Волна чудесного аромата от тела девушки теперь уже плотно окутывала подползавшего всё ближе к открытому окну наблюдателя. Раздался стук в дверь.
— Минутку, — откликнулась Дженни и легко на цыпочках подбежала к шкафу взять халат.
Фигура отпрянула от окна под укрытие листвы. Дженни накинула халат и открыла спальню.
— О, это ты, папа!
Подглядывавший быстро и бесшумно спустился с ветки и растворился в темноте.
— Не пора ли тебе спать, а?
— Я уже собираюсь. Твой гость ушёл?
— Да, ушёл. Укладывайся, спокойной ночи, детка!
— И тебе тоже, папа.
А далеко за окнами их дома убегающая фигура слилась с бесстрастной темнотой ночи.
9
… Палач крепко прижимает её голову к своим коленям и ловким движением раздвигает ягодицы.

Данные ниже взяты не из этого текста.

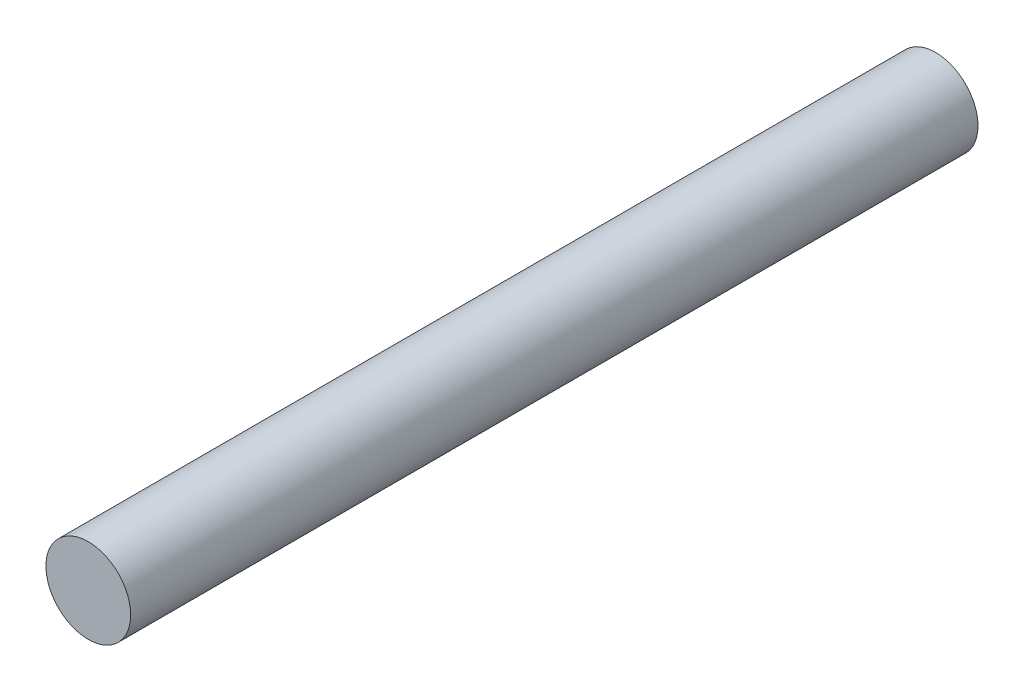
SolidWorks part; units mm, degrees
material "AISI 304"
ref_plane "前视基准面" through (0, 0, 0) normal (0, 0, 1) x (1, 0, 0)
ref_plane "上视基准面" through (0, 0, 0) normal (0, 1, 0) x (1, 0, 0)
ref_plane "右视基准面" through (0, 0, 0) normal (1, 0, 0) x (0, 0, -1)
sketch "草图1" plane through (0, 0, 0) normal (0, 0, 1) x (1, 0, 0)
  circle A0 centre (0, 0) radius 4
  dimension "D1" = 8
extrude "凸台-拉伸1" add sketch "草图1" along normal blind 80
sketch "草图2" plane through (0, 0, 80) normal (0, 0, 1) x (1, 0, 0)
  line L0 (0, 0) -> (0, 13.6972) construction
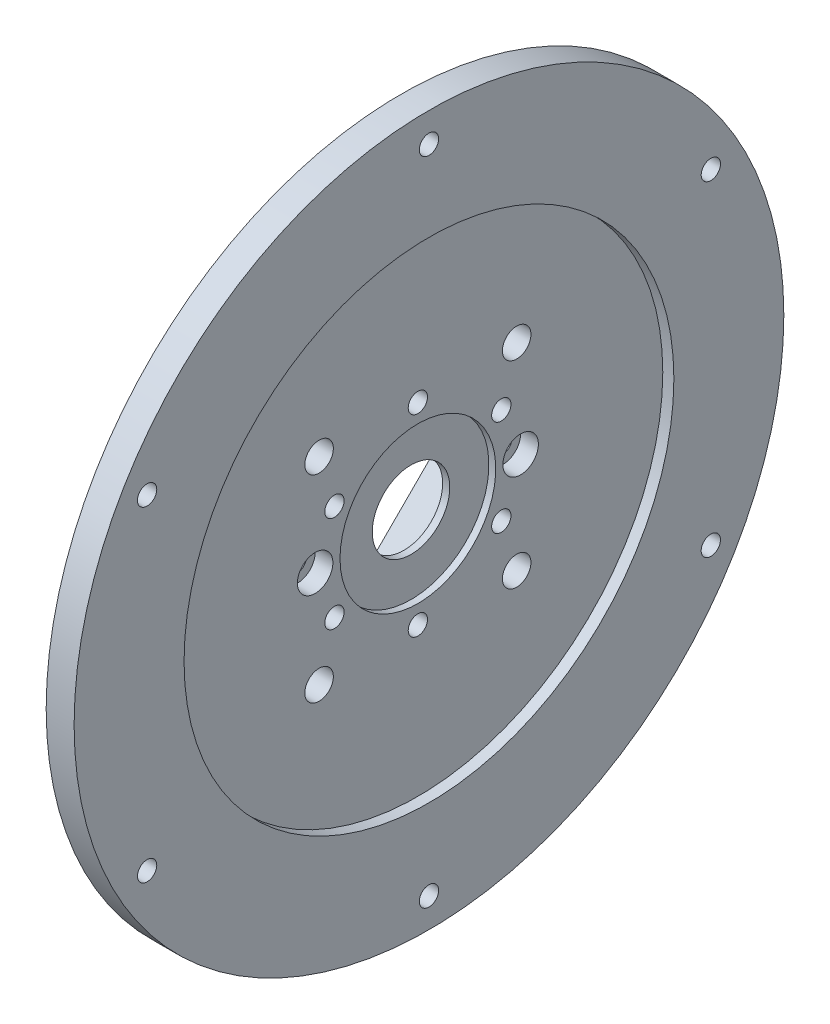
SolidWorks part; units mm, degrees
ref_plane "Front Plane" through (0, 0, 0) normal (0, 0, 1) x (1, 0, 0)
ref_plane "Top Plane" through (0, 0, 0) normal (0, 1, 0) x (1, 0, 0)
ref_plane "Right Plane" through (0, 0, 0) normal (1, 0, 0) x (0, 0, -1)
sketch "Sketch1" plane through (0, 0, 0) normal (0, 0, 1) x (1, 0, 0)
  line L0 (0, 0) -> (58.591, 0) construction
  line L2 (0, 0) -> (18.4, 0)
  line L3 (0, 0) -> (0, 2.5)
  line L4 (0, 2.5) -> (18.4, 2.5)
  line L5 (18.4, 0) -> (18.4, 2.5)
  line L6 (6.0094, 2.5) -> (6.0094, 6)
  line L11 (6.0094, 6) -> (9.9794, 6)
  line L16 (12.9794, 6) -> (12.9794, 3)
  line L17 (12.9794, 3) -> (13.6398, 3)
  line L18 (13.6398, 3) -> (13.6398, 2.5)
  line L19 (13.6398, 2.5) -> (6.0094, 2.5)
  line L22 (13.6398, 2.5) -> (16.1198, 2.5)
  line L23 (13.6398, 2.5) -> (13.6398, 4)
  line L24 (13.6398, 4) -> (16.1198, 4)
  line L25 (16.1198, 2.5) -> (16.1198, 4)
  line L27 (6.0094, 6) -> (9.9794, 6)
  line L28 (6.0094, 6) -> (6.0094, 9)
  line L29 (6.0094, 9) -> (9.9794, 9)
  line L30 (9.9794, 6) -> (9.9794, 9)
  line L31 (6.0094, 9) -> (6.0094, 8.25)
  line L32 (6.0094, 8.25) -> (5.0094, 8.25)
  line L33 (8.6609, 22.001) -> (8.6609, 12.476) construction
  line L34 (5.0094, 12.476) -> (12.3124, 12.476)
  line L35 (9.9794, 9) -> (12.3124, 9)
  line L36 (5.0094, 7.9375) -> (1.7709, 7.9375)
  line L37 (5.0094, 8.25) -> (5.0094, 12.476)
  line L38 (5.0094, 7.9375) -> (5.0094, 13.9365)
  line L39 (5.0094, 13.9365) -> (1.7709, 13.9365)
  line L40 (1.7709, 7.9375) -> (1.7709, 13.9365)
  line L41 (5.0094, 22.001) -> (12.3124, 22.001)
  line L42 (5.0094, 22.001) -> (5.0094, 30.1625)
  line L43 (5.0094, 30.1625) -> (12.3124, 30.1625)
  line L44 (12.3124, 22.001) -> (12.3124, 30.1625)
  line L49 (16.6398, 22.001) -> (16.6398, 7.5)
  line L51 (23.0198, 7.5) -> (23.0198, 6.5)
  line L54 (16.1198, 4) -> (13.6398, 4)
  line L56 (18.0398, 7.5) -> (23.0198, 7.5)
  line L57 (13.3124, 22.001) -> (16.6398, 22.001)
  line L58 (16.1198, 3.5) -> (20.0198, 3.5)
  line L59 (29.9098, 14) -> (26.9098, 11)
  line L60 (4.0094, 31.75) -> (18.0398, 31.75)
  line L61 (18.0398, 7.5) -> (23.0198, 7.5)
  line L62 (18.0398, 7.5) -> (18.0398, 12)
  line L63 (18.0398, 12) -> (23.0198, 12)
  line L64 (23.0198, 7.5) -> (23.0198, 12)
  line L65 (18.0398, 31.75) -> (18.0398, 12)
  line L66 (23.0198, 11) -> (26.9098, 11)
  line L67 (34.8098, 23) -> (31.3098, 19.5)
  line L68 (35.8098, 31) -> (38.7998, 33.99)
  line L69 (29.9098, 14) -> (29.9098, 15)
  line L70 (29.9098, 15) -> (22.9398, 15)
  line L71 (22.9398, 15) -> (21.0398, 15)
  line L72 (18.0398, 7.5) -> (16.6398, 7.5)
  line L73 (21.0398, 15) -> (21.0398, 43)
  line L74 (19.6115, 40) -> (9.6516, 40)
  line L75 (9.6516, 40) -> (4.0094, 40)
  line L76 (21.0398, 43) -> (19.6115, 43)
  line L77 (22.9398, 15) -> (29.9098, 15)
  line L78 (22.9398, 15) -> (22.9398, 21)
  line L79 (22.9398, 21) -> (29.9098, 21)
  line L80 (29.9098, 15) -> (29.9098, 21)
  line L81 (9.6516, 40) -> (19.6115, 40)
  line L82 (9.6516, 40) -> (9.6516, 50)
  line L83 (9.6516, 50) -> (19.6115, 50)
  line L84 (19.6115, 40) -> (19.6115, 50)
  line L85 (4.0094, 40) -> (4.0094, 31.75)
  line L86 (12.9794, 3) -> (12.9794, 2.5)
  line L87 (31.3098, 19.5) -> (29.9098, 19.5)
  line L88 (21.4694, 63.5) -> (21.4694, 51.308)
  line L89 (21.4694, 63.5) -> (25.9398, 63.5)
  line L90 (25.9398, 63.5) -> (25.9398, 25)
  line L91 (27.8398, 25) -> (25.9398, 25)
  line L92 (9.6516, 48) -> (8.2233, 48)
  line L93 (8.2233, 48) -> (8.2233, 53.476)
  line L94 (8.2233, 53.476) -> (19.6115, 53.476)
  line L95 (19.6115, 53.476) -> (19.6115, 50)
  line L96 (13.9174, 63.001) -> (13.9174, 53.476) construction
  line L97 (8.2233, 63.001) -> (19.6115, 63.001)
  line L98 (8.2233, 63.001) -> (8.2233, 68.2625)
  line L99 (8.2233, 68.2625) -> (19.6115, 68.2625)
  line L100 (19.6115, 63.001) -> (19.6115, 68.2625)
  line L101 (12.9794, 6) -> (11.9794, 6)
  line L102 (8.2233, 44.825) -> (4.9848, 44.825)
  line L103 (8.2233, 44.825) -> (8.2233, 54.9365)
  line L104 (8.2233, 54.9365) -> (4.9848, 54.9365)
  line L106 (9.9794, 6) -> (10.8794, 6)
  line L107 (27.8398, 25) -> (34.8098, 25)
  line L108 (34.8098, 25) -> (34.8098, 23)
  line L109 (0, 0) -> (-2, 0)
  line L110 (0, 0) -> (0, 11)
  line L111 (27.8398, 25) -> (34.8098, 25)
  line L112 (27.8398, 25) -> (27.8398, 32.5)
  line L113 (27.8398, 32.5) -> (34.8098, 32.5)
  line L114 (34.8098, 25) -> (34.8098, 32.5)
  line L115 (35.8098, 31) -> (34.8098, 31)
  line L116 (27.8398, 32.5) -> (27.8398, 64.5)
  line L117 (20.5849, 74.025) -> (6.2499, 74.025)
  line L118 (6.2499, 74.025) -> (6.2499, 76.2)
  line L119 (38.7998, 47.29) -> (30.8398, 55.25)
  line L120 (0, 11) -> (-2, 11)
  line L121 (38.7998, 43.815) -> (30.8623, 43.815)
  line L123 (-4.8152, 69.85) -> (1.5348, 76.2)
  line L124 (38.7998, 47.29) -> (38.7998, 33.99)
  line L125 (-2, 0) -> (-2, 11)
  line L126 (38.7998, 37.465) -> (30.8623, 37.465)
  line L127 (30.8623, 43.815) -> (30.8623, 37.465)
  line L128 (6.0094, 2.5) -> (6.0094, 0)
  line L129 (-0.0152, 63.5) -> (-0.0152, 30)
  line L132 (4.9848, 63.5) -> (-0.0152, 63.5)
  line L136 (-1.8152, 30) -> (-11.7752, 30)
  line L138 (-13.7752, 25.4) -> (-2, 25.4)
  line L139 (-2, 25.4) -> (-2, 11.5)
  line L140 (27.8398, 64.5) -> (20.5849, 64.5)
  line L141 (-1.8152, 30) -> (-11.7752, 30)
  line L142 (-1.8152, 30) -> (-1.8152, 39)
  line L143 (-1.8152, 39) -> (-11.7752, 39)
  line L144 (-11.7752, 30) -> (-11.7752, 39)
  line L145 (20.5849, 64.5) -> (20.5849, 74.025)
  line L146 (-12.7752, 37) -> (-12.7752, 47.29)
  line L147 (-12.7752, 37) -> (-11.7752, 37)
  line L148 (30.8398, 55.25) -> (30.8398, 76.2)
  line L149 (11.9794, 6) -> (11.9794, 5.45)
  line L154 (-2, 11.5) -> (0.5, 11.5)
  line L155 (4.9848, 60.6197) -> (24.0348, 60.6197)
  line L160 (4.9848, 60.6197) -> (4.9848, 55.8572)
  line L161 (4.9848, 55.8572) -> (24.0348, 55.8572)
  line L166 (24.0348, 60.6197) -> (24.0348, 55.8572)
  line L167 (4.9848, 60.6197) -> (24.0348, 55.8572) construction
  line L172 (4.9848, 55.8572) -> (24.0348, 60.6197) construction
  line L173 (24.0348, 62.2072) -> (25.9398, 62.2072)
  line L174 (11.9794, 5.45) -> (10.8794, 5.45)
  line L175 (10.8794, 6) -> (10.8794, 5.45)
  line L176 (24.0348, 62.2072) -> (24.0348, 54.2697)
  line L177 (24.0348, 54.2697) -> (25.9398, 54.2697)
  line L178 (25.9398, 62.2072) -> (25.9398, 54.2697)
  line L179 (24.0348, 62.2072) -> (25.9398, 54.2697) construction
  line L180 (24.0348, 54.2697) -> (25.9398, 62.2072) construction
  line L181 (3, 19.6197) -> (15.7, 19.6197)
  line L182 (3, 19.6197) -> (3, 14.8572)
  line L183 (3, 14.8572) -> (15.7, 14.8572)
  line L184 (15.7, 19.6197) -> (15.7, 14.8572)
  line L185 (3, 19.6197) -> (15.7, 14.8572) construction
  line L186 (3, 14.8572) -> (15.7, 19.6197) construction
  line L187 (15.7, 21.2072) -> (16.6398, 21.2072)
  line L188 (15.7, 21.2072) -> (15.7, 13.2697)
  line L189 (15.7, 13.2697) -> (16.6398, 13.2697)
  line L190 (16.6398, 21.2072) -> (16.6398, 13.2697)
  line L191 (15.7, 21.2072) -> (16.6398, 13.2697) construction
  line L192 (15.7, 13.2697) -> (16.6398, 21.2072) construction
  line L193 (0.5, 11.5) -> (0.5, 6.9375)
  line L194 (0.5, 6.9375) -> (1.7709, 6.9375)
  line L195 (23.0198, 6.5) -> (20.0198, 3.5)
  line L196 (4.9848, 63.5) -> (4.9848, 54.9365)
  line L197 (3, 43.825) -> (4.9848, 43.825)
  line L198 (1.7709, 6.9375) -> (1.7709, 7.9375)
  line L199 (6.0094, 0) -> (12.9794, 0)
  line L200 (12.9794, 0) -> (12.9794, 2.5)
  line L201 (18.0398, 31.75) -> (18.0398, 35.875)
  line L202 (18.0398, 35.875) -> (21.0398, 35.875)
  line L203 (30.8398, 76.2) -> (6.2499, 76.2)
  line L204 (2.8049, 69.85) -> (7.2499, 69.85) construction
  line L205 (7.2499, 67.4688) -> (26.2999, 67.4688)
  line L206 (7.2499, 74.025) -> (7.2499, 64.5)
  line L207 (7.2499, 64.5) -> (-1.8152, 64.5)
  line L208 (-1.8152, 64.5) -> (-1.8152, 39)
  line L209 (-12.7752, 47.29) -> (-4.8152, 55.25)
  line L210 (-4.8152, 55.25) -> (-4.8152, 69.85)
  line L211 (7.2499, 67.4688) -> (7.2499, 72.2312)
  line L212 (7.2499, 72.2312) -> (26.2999, 72.2313)
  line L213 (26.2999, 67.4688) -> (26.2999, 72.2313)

Натренированным указательным пальцем ощупывает доступные углубления. Она вскрикивает больше от унижения, чем от боли. Он грубо разводит её сжатые колени и продолжает обследование. Всё глубже и глубже уходят два пальца, щиплют и мнут её плоть, что-то ищут.
— Ясно, что ты не девственница, — бормочет истязатель.
— Хватит! — кричит инквизитор. — Уже видно, что ты там ничего не нашёл.